Copy out the listing below exactly, please, and skip any pictures.
+ + + +
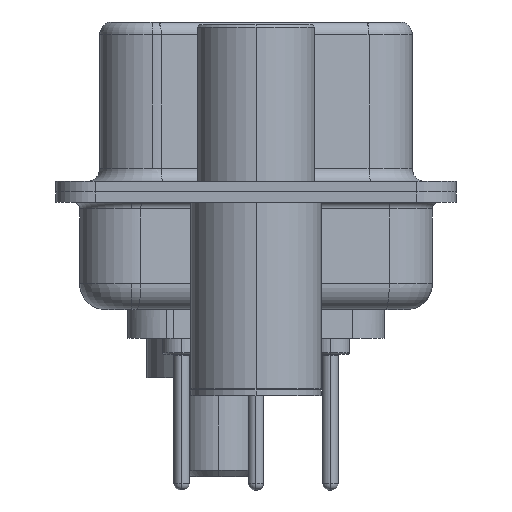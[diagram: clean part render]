
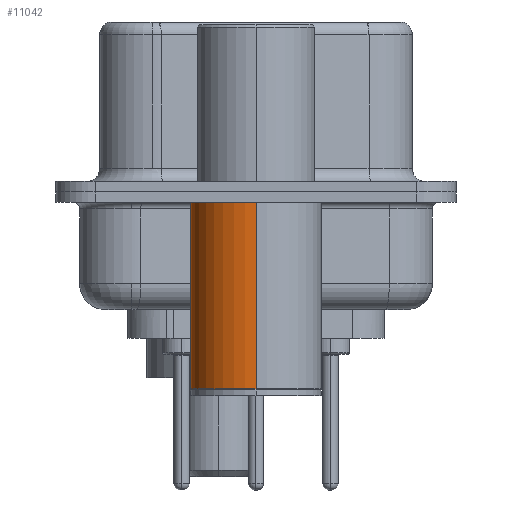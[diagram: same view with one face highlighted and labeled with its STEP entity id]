
A CAD part, left-side view. The second image highlights one B-rep face of the part: STEP entity #11042.
In plain terms, the highlighted cylindrical face has radius 2.5 mm (diameter 5 mm), a partial arc.
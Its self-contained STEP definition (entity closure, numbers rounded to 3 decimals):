
#795 = VERTEX_POINT ( 'NONE', #28420 ) ;
#948 = ORIENTED_EDGE ( 'NONE', *, *, #25321, .F. ) ;
#1099 = CARTESIAN_POINT ( 'NONE',  ( 0., 0., 0.581 ) ) ;
#1704 = CARTESIAN_POINT ( 'NONE',  ( -2.5, 0., 0.581 ) ) ;
#2700 = EDGE_CURVE ( 'NONE', #4246, #10642, #21125, .T. ) ;
#3909 = FACE_OUTER_BOUND ( 'NONE', #12041, .T. ) ;
#3977 = DIRECTION ( 'NONE',  ( 0., 0., 1. ) ) ;
#4246 = VERTEX_POINT ( 'NONE', #26274 ) ;
#5212 = VECTOR ( 'NONE', #32290, 1000. ) ;
#7334 = CARTESIAN_POINT ( 'NONE',  ( 0., 0., -7.525 ) ) ;
#8556 = CARTESIAN_POINT ( 'NONE',  ( -2.5, 0., -0.4 ) ) ;
#9837 = DIRECTION ( 'NONE',  ( 0., 0., 1. ) ) ;
#10183 = DIRECTION ( 'NONE',  ( 1., 0., 0. ) ) ;
#10642 = VERTEX_POINT ( 'NONE', #13414 ) ;
#10797 = ORIENTED_EDGE ( 'NONE', *, *, #2700, .F. ) ;
#11042 = ADVANCED_FACE ( 'NONE', ( #3909 ), #18979, .T. ) ;
#12041 = EDGE_LOOP ( 'NONE', ( #23522, #19058, #948, #10797 ) ) ;
#12275 = VERTEX_POINT ( 'NONE', #8556 ) ;
#12389 = DIRECTION ( 'NONE',  ( 1., 0., 0. ) ) ;
#13251 = EDGE_CURVE ( 'NONE', #4246, #795, #13579, .T. ) ;
#13414 = CARTESIAN_POINT ( 'NONE',  ( 2.5, 0., -0.4 ) ) ;
#13579 = CIRCLE ( 'NONE', #26223, 2.5 ) ;
#18979 = CYLINDRICAL_SURFACE ( 'NONE', #29904, 2.5 ) ;
#19058 = ORIENTED_EDGE ( 'NONE', *, *, #32777, .T. ) ;
#21125 = LINE ( 'NONE', #34513, #5212 ) ;
#21755 = AXIS2_PLACEMENT_3D ( 'NONE', #26766, #9837, #29582 ) ;
#23522 = ORIENTED_EDGE ( 'NONE', *, *, #13251, .T. ) ;
#25321 = EDGE_CURVE ( 'NONE', #10642, #12275, #31053, .T. ) ;
#26223 = AXIS2_PLACEMENT_3D ( 'NONE', #7334, #27112, #10183 ) ;
#26274 = CARTESIAN_POINT ( 'NONE',  ( 2.5, 0., -7.525 ) ) ;
#26298 = VECTOR ( 'NONE', #35480, 1000. ) ;
#26766 = CARTESIAN_POINT ( 'NONE',  ( 0., 0., -0.4 ) ) ;
#27112 = DIRECTION ( 'NONE',  ( 0., 0., 1. ) ) ;
#28420 = CARTESIAN_POINT ( 'NONE',  ( -2.5, 0., -7.525 ) ) ;
#29582 = DIRECTION ( 'NONE',  ( 1., 0., 0. ) ) ;
#29904 = AXIS2_PLACEMENT_3D ( 'NONE', #1099, #3977, #12389 ) ;
#31053 = CIRCLE ( 'NONE', #21755, 2.5 ) ;
#32290 = DIRECTION ( 'NONE',  ( 0., 0., 1. ) ) ;
#32777 = EDGE_CURVE ( 'NONE', #795, #12275, #34582, .T. ) ;
#34513 = CARTESIAN_POINT ( 'NONE',  ( 2.5, 0., 0.581 ) ) ;
#34582 = LINE ( 'NONE', #1704, #26298 ) ;
#35480 = DIRECTION ( 'NONE',  ( 0., 0., 1. ) ) ;
+ + + +
◆ **RESULT OF THE TASK**:
[diagram: clean part render]
[diagram: same view with one face highlighted and labeled with its STEP entity id]
A CAD part, left-side view. The second image highlights one B-rep face of the part: STEP entity #11042.
In plain terms, the highlighted cylindrical face has radius 2.5 mm (diameter 5 mm), a partial arc.
Its self-contained STEP definition (entity closure, numbers rounded to 3 decimals):
#795 = VERTEX_POINT ( 'NONE', #28420 ) ;
#948 = ORIENTED_EDGE ( 'NONE', *, *, #25321, .F. ) ;
#1099 = CARTESIAN_POINT ( 'NONE',  ( 0., 0., 0.581 ) ) ;
#1704 = CARTESIAN_POINT ( 'NONE',  ( -2.5, 0., 0.581 ) ) ;
#2700 = EDGE_CURVE ( 'NONE', #4246, #10642, #21125, .T. ) ;
#3909 = FACE_OUTER_BOUND ( 'NONE', #12041, .T. ) ;
#3977 = DIRECTION ( 'NONE',  ( 0., 0., 1. ) ) ;
#4246 = VERTEX_POINT ( 'NONE', #26274 ) ;
#5212 = VECTOR ( 'NONE', #32290, 1000. ) ;
#7334 = CARTESIAN_POINT ( 'NONE',  ( 0., 0., -7.525 ) ) ;
#8556 = CARTESIAN_POINT ( 'NONE',  ( -2.5, 0., -0.4 ) ) ;
#9837 = DIRECTION ( 'NONE',  ( 0., 0., 1. ) ) ;
#10183 = DIRECTION ( 'NONE',  ( 1., 0., 0. ) ) ;
#10642 = VERTEX_POINT ( 'NONE', #13414 ) ;
#10797 = ORIENTED_EDGE ( 'NONE', *, *, #2700, .F. ) ;
#11042 = ADVANCED_FACE ( 'NONE', ( #3909 ), #18979, .T. ) ;
#12041 = EDGE_LOOP ( 'NONE', ( #23522, #19058, #948, #10797 ) ) ;
#12275 = VERTEX_POINT ( 'NONE', #8556 ) ;
#12389 = DIRECTION ( 'NONE',  ( 1., 0., 0. ) ) ;
#13251 = EDGE_CURVE ( 'NONE', #4246, #795, #13579, .T. ) ;
#13414 = CARTESIAN_POINT ( 'NONE',  ( 2.5, 0., -0.4 ) ) ;
#13579 = CIRCLE ( 'NONE', #26223, 2.5 ) ;
#18979 = CYLINDRICAL_SURFACE ( 'NONE', #29904, 2.5 ) ;
#19058 = ORIENTED_EDGE ( 'NONE', *, *, #32777, .T. ) ;
#21125 = LINE ( 'NONE', #34513, #5212 ) ;
#21755 = AXIS2_PLACEMENT_3D ( 'NONE', #26766, #9837, #29582 ) ;
#23522 = ORIENTED_EDGE ( 'NONE', *, *, #13251, .T. ) ;
#25321 = EDGE_CURVE ( 'NONE', #10642, #12275, #31053, .T. ) ;
#26223 = AXIS2_PLACEMENT_3D ( 'NONE', #7334, #27112, #10183 ) ;
#26274 = CARTESIAN_POINT ( 'NONE',  ( 2.5, 0., -7.525 ) ) ;
#26298 = VECTOR ( 'NONE', #35480, 1000. ) ;
#26766 = CARTESIAN_POINT ( 'NONE',  ( 0., 0., -0.4 ) ) ;
#27112 = DIRECTION ( 'NONE',  ( 0., 0., 1. ) ) ;
#28420 = CARTESIAN_POINT ( 'NONE',  ( -2.5, 0., -7.525 ) ) ;
#29582 = DIRECTION ( 'NONE',  ( 1., 0., 0. ) ) ;
#29904 = AXIS2_PLACEMENT_3D ( 'NONE', #1099, #3977, #12389 ) ;
#31053 = CIRCLE ( 'NONE', #21755, 2.5 ) ;
#32290 = DIRECTION ( 'NONE',  ( 0., 0., 1. ) ) ;
#32777 = EDGE_CURVE ( 'NONE', #795, #12275, #34582, .T. ) ;
#34513 = CARTESIAN_POINT ( 'NONE',  ( 2.5, 0., 0.581 ) ) ;
#34582 = LINE ( 'NONE', #1704, #26298 ) ;
#35480 = DIRECTION ( 'NONE',  ( 0., 0., 1. ) ) ;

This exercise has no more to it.